From the data, copy out every line in which the word "edge" appears.

#### Records for this exercise:
----------

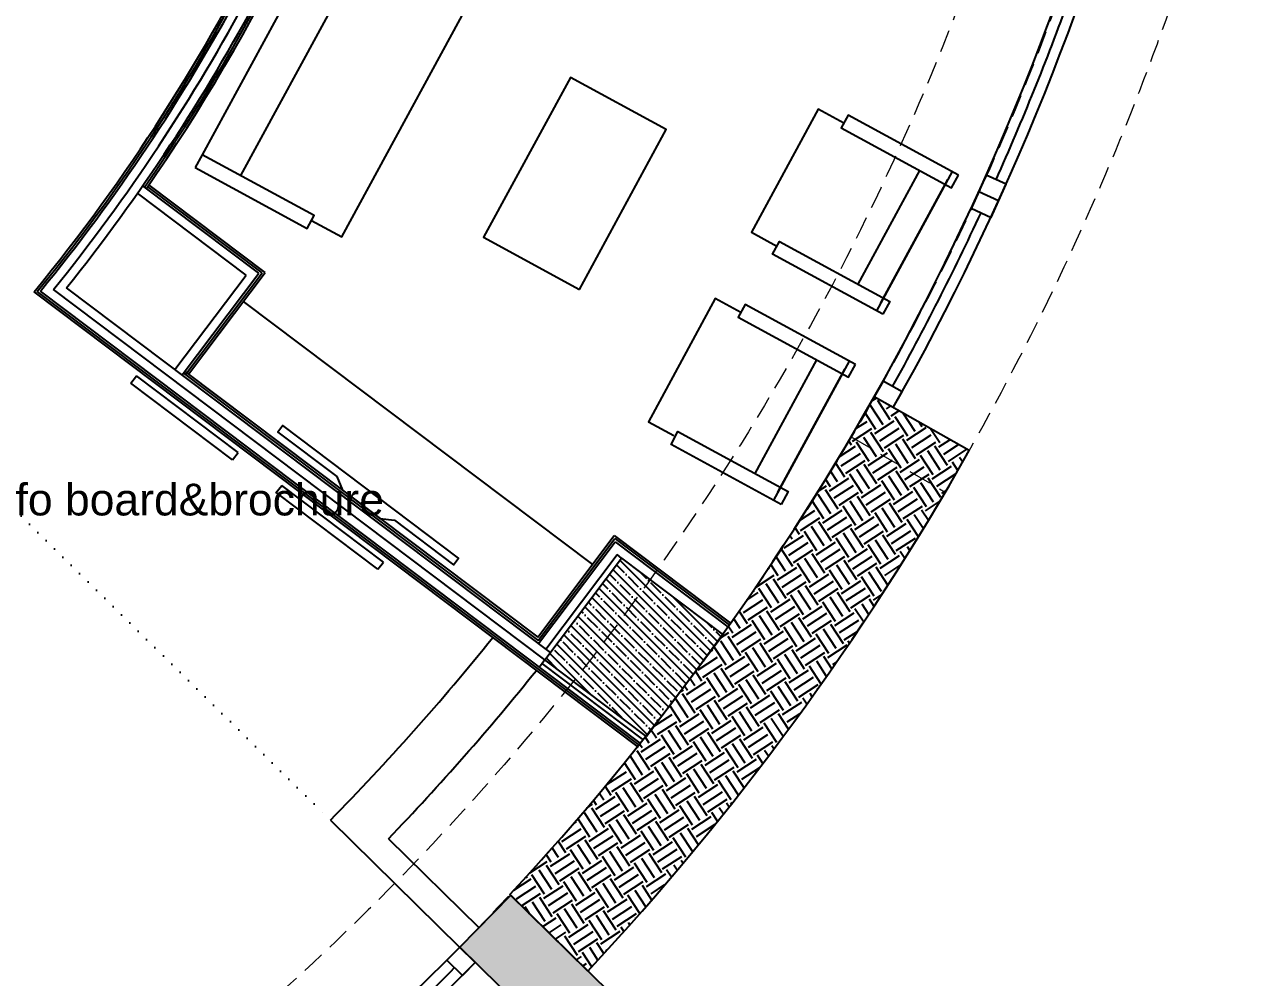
# Model space of a CAD drawing. Header units: millimetres. Extents: x 132785 to 150483, y 90225 to 103753.
# Drawn here: x 136516 to 137189, y 92216 to 92739 of the extents above; entities that cross this region are included whole.
import ezdxf

# ---------------------------------------------------------------- set-up
doc = ezdxf.new("R2010")
doc.units = ezdxf.units.MM
doc.linetypes.add('061-GZM-AP-100$0$HIDDEN', pattern=[0.375, 0.25, -0.125])
doc.linetypes.add('DOT', pattern=[6.35, 0, -6.35])
for name, color, linetype in [('061-GZM-AP-100$0$A-cam', 20, 'Continuous'), ('061-GZM-AP-100$0$A-cephe', 181, 'Continuous'), ('061-GZM-AP-100$0$A-HATCH', 8, 'Continuous'), ('061-GZM-AP-100$0$A-tasiyici', 5, 'Continuous')]:
    doc.layers.add(name, color=color, linetype=linetype)
doc.layers.add('061-GZM-AP-100$0$A-kiris', color=252, linetype='Continuous', lineweight=0)
doc.styles.get("Standard").update_dxf_attribs({"font": 'arial.ttf'})

msp = doc.modelspace()

# ---------------------------------------------------------------- hatches: boundary and pattern name
at = {"layer": '061-GZM-AP-100$0$A-HATCH'}
h = msp.add_hatch(dxfattribs=at)
h.set_pattern_fill('ANSI35', color=253, angle=-37, style=0)
h.set_pattern_definition([(8, (135720.849, 93248.707), (-0.88375, 6.288202), []), (8, (135724.435, 93246.005), (-0.88375, 6.288202), [7.9375, -1.5875, 0, -1.5875])])
h.paths.add_polyline_path([(136069.799, 91840.753), (136123.247, 91648.027), (136161.792, 91658.717), (136108.344, 91851.443)])
h.paths.add_polyline_path([(136783.098, 92260.919), (136968.543, 92078.682), (136940.507, 92050.152), (136755.062, 92232.389)])
h.paths.add_polyline_path([(137089.158, 93428.388), (137085.679, 93453.144), (136743.963, 93405.119), (136747.442, 93380.363)])
edge = h.paths.add_edge_path()
edge.add_line((137161.19, 93415.79), (137136.426, 93412.31))
edge.add_arc((135720.849, 93248.707), 1425, 352.502601, 366.592595, ccw=False)
edge.add_line((137133.666, 93062.771), (136747.441, 93117.052))
edge.add_line((136747.441, 93117.052), (136743.962, 93092.295))
edge.add_line((136743.962, 93092.295), (137154.945, 93034.535))
edge.add_arc((135720.849, 93248.707), 1450, 351.506065, 366.616865)
h = msp.add_hatch(dxfattribs=at)
h.set_pattern_fill('ANSI35', color=253, angle=-90, style=0)
h.set_pattern_definition([(315, (22133.83, 1802.77), (4.49012806, 4.49012806), []), (315, (22133.83, 1798.28), (4.49012806, 4.49012806), [7.9375, -1.5875, 0, -1.5875])])
h.paths.add_polyline_path([(136899.934, 92404.028), (136857.807, 92348.123), (136801.902, 92390.25), (136844.029, 92446.155)])

# ---------------------------------------------------------------- linework, layer by layer
at = {"color": 253}
for p, q in [((136695.216, 92817.933), (136613.53, 92667.705)), ((136716.3, 92806.468), (136634.615, 92656.24)), ((137007.82, 92659.097), (136973.894, 92596.704)), ((137025.698, 92658.482), (136984.129, 92582.033)), ((136644.696, 92602.624), (136580.882, 92650.711)), ((136646.446, 92602.87), (136583.594, 92650.233)), ((136648.197, 92603.116), (136584.306, 92651.261)), ((136637.694, 92601.64), (136578.016, 92646.61)), ((136598.576, 92549.729), (136637.694, 92601.64)), ((136602.569, 92546.72), (136644.696, 92602.624)), ((136604.319, 92546.966), (136646.446, 92602.87)), ((136606.07, 92547.212), (136648.197, 92603.116)), ((136804.911, 92394.243), (136539.022, 92594.606)), ((136853.293, 92342.133), (136521.162, 92592.412)), ((136854.045, 92343.132), (136522.954, 92592.627)), ((136854.798, 92344.13), (136524.745, 92592.843)), ((136636.161, 92587.144), (136828.023, 92442.565)), ((136951.216, 92554.996, 0), (136917.29, 92492.603, 0)), ((136969.094, 92554.381, 0), (136927.525, 92477.932, 0)), ((136603.321, 92547.718), (136798.178, 92400.883)), ((136604.073, 92548.716), (136797.932, 92402.633)), ((136987.789, 92543.397), (136982.865, 92534.693)), ((136998.233, 92537.487), (136987.789, 92543.397)), ((136981.589, 92532.444), (136984.027, 92534.036)), ((136993.309, 92528.784), (136982.864, 92534.692)), ((137035.086, 92505.148), (136982.865, 92534.693)), ((136993.309, 92528.784), (136998.233, 92537.487)), ((136987.743, 92519.398), (136980.798, 92530.031)), ((136991.73, 92522.002), (136984.785, 92532.635)), ((136986.983, 92532.174), (136987.138, 92532.275)), ((136989.587, 92528.187), (136991.805, 92529.635)), ((136972.831, 92517.243), (136978.954, 92521.242)), ((136983.755, 92516.793), (136977.83, 92525.866)), ((136983.294, 92514.596), (136993.927, 92521.541)), ((136992.191, 92524.199), (136996.471, 92526.995)), ((137001.333, 92513.105), (136994.388, 92523.738)), ((137005.32, 92515.709), (136998.816, 92525.668)), ((137009.308, 92518.314), (137007.838, 92520.564)), ((136970.925, 92510.31), (136981.558, 92517.254)), ((136988.042, 92504.424), (136981.097, 92515.057)), ((136985.899, 92510.609), (136996.532, 92517.554)), ((137000.872, 92510.908), (137011.505, 92517.853)), ((137003.476, 92506.921), (137014.109, 92513.865)), ((137018.911, 92509.417), (137013.853, 92517.161)), ((136963.666, 92501.776), (136972.661, 92507.652)), ((136970.464, 92508.113), (136968.885, 92510.53)), ((136980.067, 92499.216), (136973.122, 92509.849)), ((136984.054, 92501.82), (136977.11, 92512.453)), ((136988.503, 92506.621), (136999.136, 92513.566)), ((137001.632, 92498.132), (136994.687, 92508.765)), ((137005.619, 92500.736), (136998.675, 92511.369)), ((137006.081, 92502.933), (137016.714, 92509.878)), ((137023.197, 92497.048), (137016.252, 92507.681)), ((137018.45, 92507.22), (137024.472, 92511.153)), ((137021.054, 92503.232), (137029.138, 92508.513)), ((137022.898, 92512.021), (137022.875, 92512.056)), ((136964.633, 92496.719), (136975.266, 92503.664)), ((136966.477, 92505.508), (136966.176, 92505.969)), ((136979.606, 92497.019), (136990.239, 92503.963)), ((136997.645, 92495.527), (136990.7, 92506.16)), ((137015.222, 92491.839), (137008.278, 92502.472)), ((137019.21, 92494.443), (137012.265, 92505.076)), ((137023.658, 92499.245), (137033.805, 92505.872)), ((137031.502, 92498.848), (137029.843, 92501.388)), ((137034.152, 92503.5), (137033.83, 92503.992)), ((136962.788, 92487.931), (136958.894, 92493.893)), ((136966.776, 92490.535), (136961.634, 92498.407)), ((136967.237, 92492.732), (136977.87, 92499.677)), ((136980.366, 92484.242), (136973.421, 92494.875)), ((136984.353, 92486.847), (136977.409, 92497.48)), ((136982.21, 92493.031), (136992.843, 92499.976)), ((136984.815, 92489.044), (136995.448, 92495.988)), ((137001.931, 92483.158), (136994.986, 92493.791)), ((136997.184, 92493.33), (137007.817, 92500.275)), ((136999.788, 92489.343), (137010.421, 92496.288)), ((137014.761, 92489.642), (137025.394, 92496.587)), ((137028.84, 92494.214), (137025.855, 92498.784)), ((136958.801, 92485.326), (136956.142, 92489.398)), ((136958.34, 92483.129), (136968.973, 92490.074)), ((136976.379, 92481.638), (136969.434, 92492.271)), ((136993.956, 92477.95), (136987.012, 92488.583)), ((136997.944, 92480.554), (136990.999, 92491.187)), ((137002.392, 92485.355), (137013.025, 92492.3)), ((137015.522, 92476.866), (137008.577, 92487.499)), ((137019.509, 92479.47), (137012.564, 92490.103)), ((137017.366, 92485.655), (137027.851, 92492.503)), ((136952.084, 92482.835), (136956.604, 92485.787)), ((136959.1, 92470.353), (136952.155, 92480.986)), ((136963.087, 92472.957), (136956.143, 92483.59)), ((136960.944, 92479.142), (136971.577, 92486.086)), ((136963.549, 92475.154), (136974.182, 92482.099)), ((136975.918, 92479.441), (136986.551, 92486.386)), ((136978.522, 92475.453), (136989.155, 92482.398)), ((136993.495, 92475.752), (137004.128, 92482.697)), ((137011.534, 92474.261), (137004.589, 92484.894)), ((137019.97, 92481.667), (137022.491, 92483.314)), ((136955.113, 92467.749), (136948.747, 92477.496)), ((136972.69, 92464.06), (136965.746, 92474.693)), ((136976.678, 92466.665), (136969.733, 92477.298)), ((136980.665, 92469.269), (136973.72, 92479.902)), ((136981.126, 92471.466), (136991.759, 92478.411)), ((136994.256, 92462.976), (136987.311, 92473.609)), ((136998.243, 92465.581), (136991.298, 92476.214)), ((136996.1, 92471.765), (137006.733, 92478.71)), ((136998.704, 92467.778), (137009.337, 92474.722)), ((137011.073, 92472.064), (137018.839, 92477.136)), ((136941.903, 92466.705), (136950.311, 92472.197)), ((136942.283, 92461.265), (136952.916, 92468.21)), ((136954.652, 92465.551), (136965.285, 92472.496)), ((136957.256, 92461.564), (136967.889, 92468.509)), ((136972.229, 92461.863), (136982.862, 92468.808)), ((136990.268, 92460.372), (136983.323, 92471.005)), ((137007.133, 92457.775), (137000.901, 92467.317)), ((137009.886, 92462.27), (137004.889, 92469.921)), ((137012.627, 92466.781), (137008.876, 92472.525)), ((136941.821, 92459.068), (136939.388, 92462.793)), ((136951.424, 92450.171), (136944.48, 92460.804)), ((136955.412, 92452.775), (136948.467, 92463.408)), ((136959.399, 92455.379), (136952.454, 92466.012)), ((136959.86, 92457.577), (136970.493, 92464.521)), ((136976.977, 92451.691), (136970.032, 92462.324)), ((136974.834, 92457.876), (136985.467, 92464.82)), ((136977.438, 92453.888), (136988.071, 92460.833)), ((136989.807, 92458.175), (137000.44, 92465.119)), ((136992.411, 92454.187), (137003.044, 92461.132)), ((136797.932, 92402.633), (136840.059, 92458.538)), ((136798.178, 92400.883), (136840.305, 92456.787)), ((136798.424, 92399.132), (136840.551, 92455.036)), ((136840.059, 92458.538), (136903.95, 92410.392)), ((136840.305, 92456.787), (136903.227, 92409.372)), ((136840.551, 92455.036), (136902.502, 92408.353)), ((136933.386, 92451.662), (136944.019, 92458.607)), ((136933.847, 92453.859), (136933.714, 92454.063)), ((136935.99, 92447.674), (136946.623, 92454.619)), ((136937.834, 92456.463), (136936.557, 92458.419)), ((136950.963, 92447.974), (136961.596, 92454.918)), ((136969.002, 92446.483), (136962.057, 92457.116)), ((136972.99, 92449.087), (136966.045, 92459.72)), ((136986.58, 92442.794), (136979.635, 92453.427)), ((136990.567, 92445.399), (136983.623, 92456.032)), ((136994.555, 92448.003), (136987.61, 92458.636)), ((136995.016, 92450.2), (137005.649, 92457.145)), ((137005.292, 92454.788), (137005.188, 92454.948)), ((136802.417, 92396.123), (136841.535, 92448.034)), ((136844.029, 92446.155), (136841.535, 92448.034)), ((136934.146, 92438.886), (136928.95, 92446.84)), ((136938.133, 92441.49), (136931.812, 92451.168)), ((136938.594, 92443.687), (136949.227, 92450.632)), ((136955.711, 92437.802), (136948.766, 92448.435)), ((136953.568, 92443.986), (136964.201, 92450.931)), ((136956.172, 92439.999), (136966.805, 92446.944)), ((136968.541, 92444.285), (136979.174, 92451.23)), ((136971.145, 92440.298), (136981.778, 92447.243)), ((136986.119, 92440.597), (136996.752, 92447.542)), ((136999.738, 92445.873), (136997.213, 92449.739)), ((137002.52, 92450.322), (137001.2, 92452.343)), ((136924.494, 92440.166), (136925.357, 92440.73)), ((136930.158, 92436.281), (136926.078, 92442.529)), ((136929.697, 92434.084), (136940.33, 92441.029)), ((136947.736, 92432.593), (136940.791, 92443.226)), ((136951.724, 92435.197), (136944.779, 92445.83)), ((136969.301, 92431.509), (136962.357, 92442.142)), ((136973.289, 92434.113), (136966.344, 92444.746)), ((136973.75, 92436.311), (136984.383, 92443.255)), ((136990.385, 92431.163), (136983.922, 92441.058)), ((136988.723, 92436.61), (136997.525, 92442.358)), ((136917.573, 92429.958), (136927.961, 92436.742)), ((136934.445, 92423.912), (136927.5, 92434.545)), ((136932.302, 92430.097), (136942.935, 92437.041)), ((136934.906, 92426.109), (136945.539, 92433.054)), ((136947.275, 92430.396), (136957.908, 92437.341)), ((136949.879, 92426.408), (136960.512, 92433.353)), ((136965.314, 92428.905), (136958.369, 92439.538)), ((136964.853, 92426.708), (136975.486, 92433.652)), ((136982.892, 92425.217), (136975.947, 92435.85)), ((136986.879, 92427.821), (136979.934, 92438.454)), ((136912.83, 92423.068), (136919.064, 92427.139)), ((136916.867, 92427.6), (136916.424, 92428.28)), ((136926.47, 92418.704), (136919.525, 92429.337)), ((136930.458, 92421.308), (136923.513, 92431.941)), ((136948.035, 92417.62), (136941.091, 92428.253)), ((136952.023, 92420.224), (136945.078, 92430.857)), ((136952.484, 92422.421), (136963.117, 92429.366)), ((136969.6, 92416.536), (136962.656, 92427.169)), ((136967.457, 92422.72), (136978.09, 92429.665)), ((136911.036, 92416.207), (136921.669, 92423.152)), ((136926.009, 92416.506), (136936.642, 92423.451)), ((136944.048, 92415.015), (136937.103, 92425.648)), ((136943.587, 92412.818), (136954.22, 92419.763)), ((136961.626, 92411.327), (136954.681, 92421.96)), ((136965.613, 92413.931), (136958.668, 92424.564)), ((136970.061, 92418.733), (136980.694, 92425.678)), ((136979.958, 92415.193), (136976.246, 92420.876)), ((136982.816, 92419.527), (136980.233, 92423.48)), ((136982.431, 92423.019), (136987.083, 92426.058)), ((136909.192, 92407.418), (136905.665, 92412.818)), ((136913.179, 92410.023), (136908.613, 92417.013)), ((136913.64, 92412.22), (136924.273, 92419.165)), ((136926.769, 92403.73), (136919.825, 92414.363)), ((136930.757, 92406.334), (136923.812, 92416.967)), ((136928.613, 92412.519), (136939.246, 92419.464)), ((136931.218, 92408.532), (136941.851, 92415.476)), ((136948.334, 92402.646), (136941.39, 92413.279)), ((136946.191, 92408.831), (136956.824, 92415.775)), ((136961.165, 92409.13), (136971.798, 92416.075)), ((136977.089, 92410.876), (136972.259, 92418.272)), ((136905.204, 92404.814), (136902.706, 92408.639)), ((136904.743, 92402.617), (136915.376, 92409.562)), ((136922.782, 92401.126), (136915.837, 92411.759)), ((136940.36, 92397.438), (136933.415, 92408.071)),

----------

#### Answer:
edge = h.paths.add_edge_path()
edge.add_line((137161.19, 93415.79), (137136.426, 93412.31))
edge.add_arc((135720.849, 93248.707), 1425, 352.502601, 366.592595, ccw=False)
edge.add_line((137133.666, 93062.771), (136747.441, 93117.052))
edge.add_line((136747.441, 93117.052), (136743.962, 93092.295))
edge.add_line((136743.962, 93092.295), (137154.945, 93034.535))
edge.add_arc((135720.849, 93248.707), 1450, 351.506065, 366.616865)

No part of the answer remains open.